2008/08/14

La Russie n’est pas l’Union Soviétique

Cold War - xbox

Depuis le début du conflit russo-géorgien, plusieurs, à droite, en appellent à un militantisme au nom de la liberté qui nous replongearait dans une nouvelle guerre froide avec les russes. Le manque d’imagination (et de simple reconnaissance de la réalité) dont ils font preuve en ne faisant que ressortir le script poussiéreux des années 80 est d’ailleurs désolant. Et pour quelqu’un qui a grandi dans la terreur d’un holocauste nucléaire et qui a ultimement pris le parti de Reagan à l’époque, c’est même un peu offensant… Leur retour vulgaire à ce qui était alors une idéologie fondée sur une analyse profondément réaliste et perspicace des enjeux stratégiques existentiels du 20e siecle pour mythifier le conflit présent démontre l’épuisement de cette mouvance politique et surtout une absence de réelle réflexion globale quant aux réalités et enjeux stratégiques auxquels fait face la pax americana occidentale au 21e siècle.
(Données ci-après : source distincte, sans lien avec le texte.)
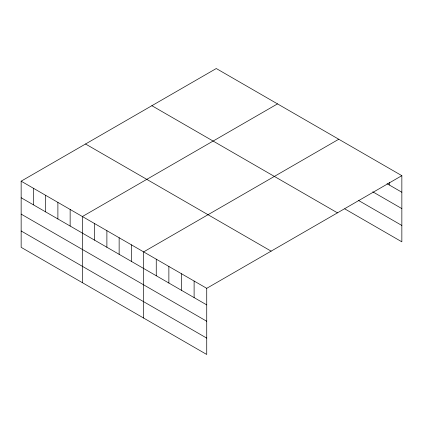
<?xml version="1.0" encoding="UTF-8"?>
<svg xmlns="http://www.w3.org/2000/svg" width="423" height="423" viewBox="0 0 423 423"><rect width="100%" height="100%" fill="white"/><g stroke="black" fill="none" stroke-linecap="round" stroke-linejoin="round"><path stroke-width="0.63" d="M21.15 181.176L206.731 288.322L206.731 354.474L21.15 247.333L21.15 181.176L216.269 68.526L401.85 175.667L401.85 241.824L344.787 208.877M277.509 103.884L82.39 216.534L82.39 282.691M338.754 139.241L143.635 251.891L143.635 318.043M206.731 288.322L401.85 175.667M387.034 183.688L401.85 192.243M372.769 191.815L401.85 208.602M358.503 200.439L401.85 225.459M151.878 105.702L337.459 212.843M85.541 144L271.122 251.146M21.15 197.753L206.731 304.893M21.15 214.112L206.731 321.258M21.15 230.969L206.731 338.114M389.229 182.408L389.229 184.957M194.109 281.036L194.109 297.607M181.488 273.75L181.488 290.321M168.872 266.464L168.872 283.035M156.251 259.177L156.251 275.748M131.384 244.822L131.384 261.393M119.138 237.747L119.138 254.323M106.887 230.678L106.887 247.249M94.641 223.608L94.641 240.179M70.144 209.464L70.144 226.035M57.893 202.39L57.893 218.966M45.647 195.32L45.647 211.891M33.396 188.251L33.396 204.822"/></g></svg>

Et cette absence trahit plutôt, selon moi, un réflexe guerrier irréfléchi et aveugle ainsi qu’un grand besoin presque mystique de mythes grandiose pour définir son existence.

Dans les années 80, lorsque j’adhérait à l’idéologie cité plus haut, c’était surtout à gauche qu’on entendait un discours idéologique utopiste et complètement déconnecté de la réalité. Les réalistes étaient tous à droite et ce sont eux qui, ultimement, ont menés la guerre froide à terme. Aujourd’hui, c’est surtout à droite que j’ai l’impression d’entendre de vieux discours épuisés et rendus caduc par la réalité.

Où sont passés les réalistes?

Tout ceci n’était qu’un vague sentiment d’inconfort et de dégout que je n’arrivais pas à mettre en mot jusqu’à ce que je lise ce billet charnière d’Andrew Sullivan intitulé After The Cold War, où il répond aux nombreuses critiques à son égard quant à la timidité de sa réaction au conflit géorgien et à son refus d’embarquer dans le défilé “pro-liberté”. Sullivan est un conservateur qui prêchait pour la droite dans les années 80 et 90 et qui a appuyé Bush en 2000. Dans la période qui a mené à l’invasion d’Iraq, Il fut une des voix, sinon la voix la plus féroce de la toute jeune blogosphère à prêcher en faveur de cette guerre. Il fut aussi un des premiers à déchanter après l’invasion, et son mea culpa fut profond et complet. Allant jusqu’à publier, en 2006, un livre dénonçant l’administration Bush et le parti républicain comme ayant trahi les principes d’un conservatisme sérieux, prenant ses racine dans une longue réflexion historique, à la faveur d’un dangereux fondamentalisme manichéen n’ayant de conservateur que le nom alors qu’il est, en fait, l’antithèse du conservatisme.

Le billet qu’il publie aujourd’hui continue à illustrer la dérive idéologique de la droite contemporaine vers un néo-impérialisme ruineux.

Pendant que les vrais conservateurs se retirent, réfléchissent, et font appel à deux principes fondamentaux de la pensée conservatrice (qui est, au fond, davantage une approche à l’exercice du pouvoir qu’une “idéologie” utopiste)…

Le scepticisme et la prudence.

Ajout: Une autre bonne critique conservatrice de McCain et de la droite hystérique chez le “conservateur post-moderne”.

Re-ajout: Le journaliste “vedette” de centre-gauche, Joe Klein, lance un joli coup de chapeau à Sullivan en titrant sa réaction positive au billet d’Andrew: Enter Edmund Burke.

Re-re-ajout: L’analyse de Sullivan trouve echo à gauche.

Question: Le conservatisme responsable commencerait-il à converger avec la gauche modérée?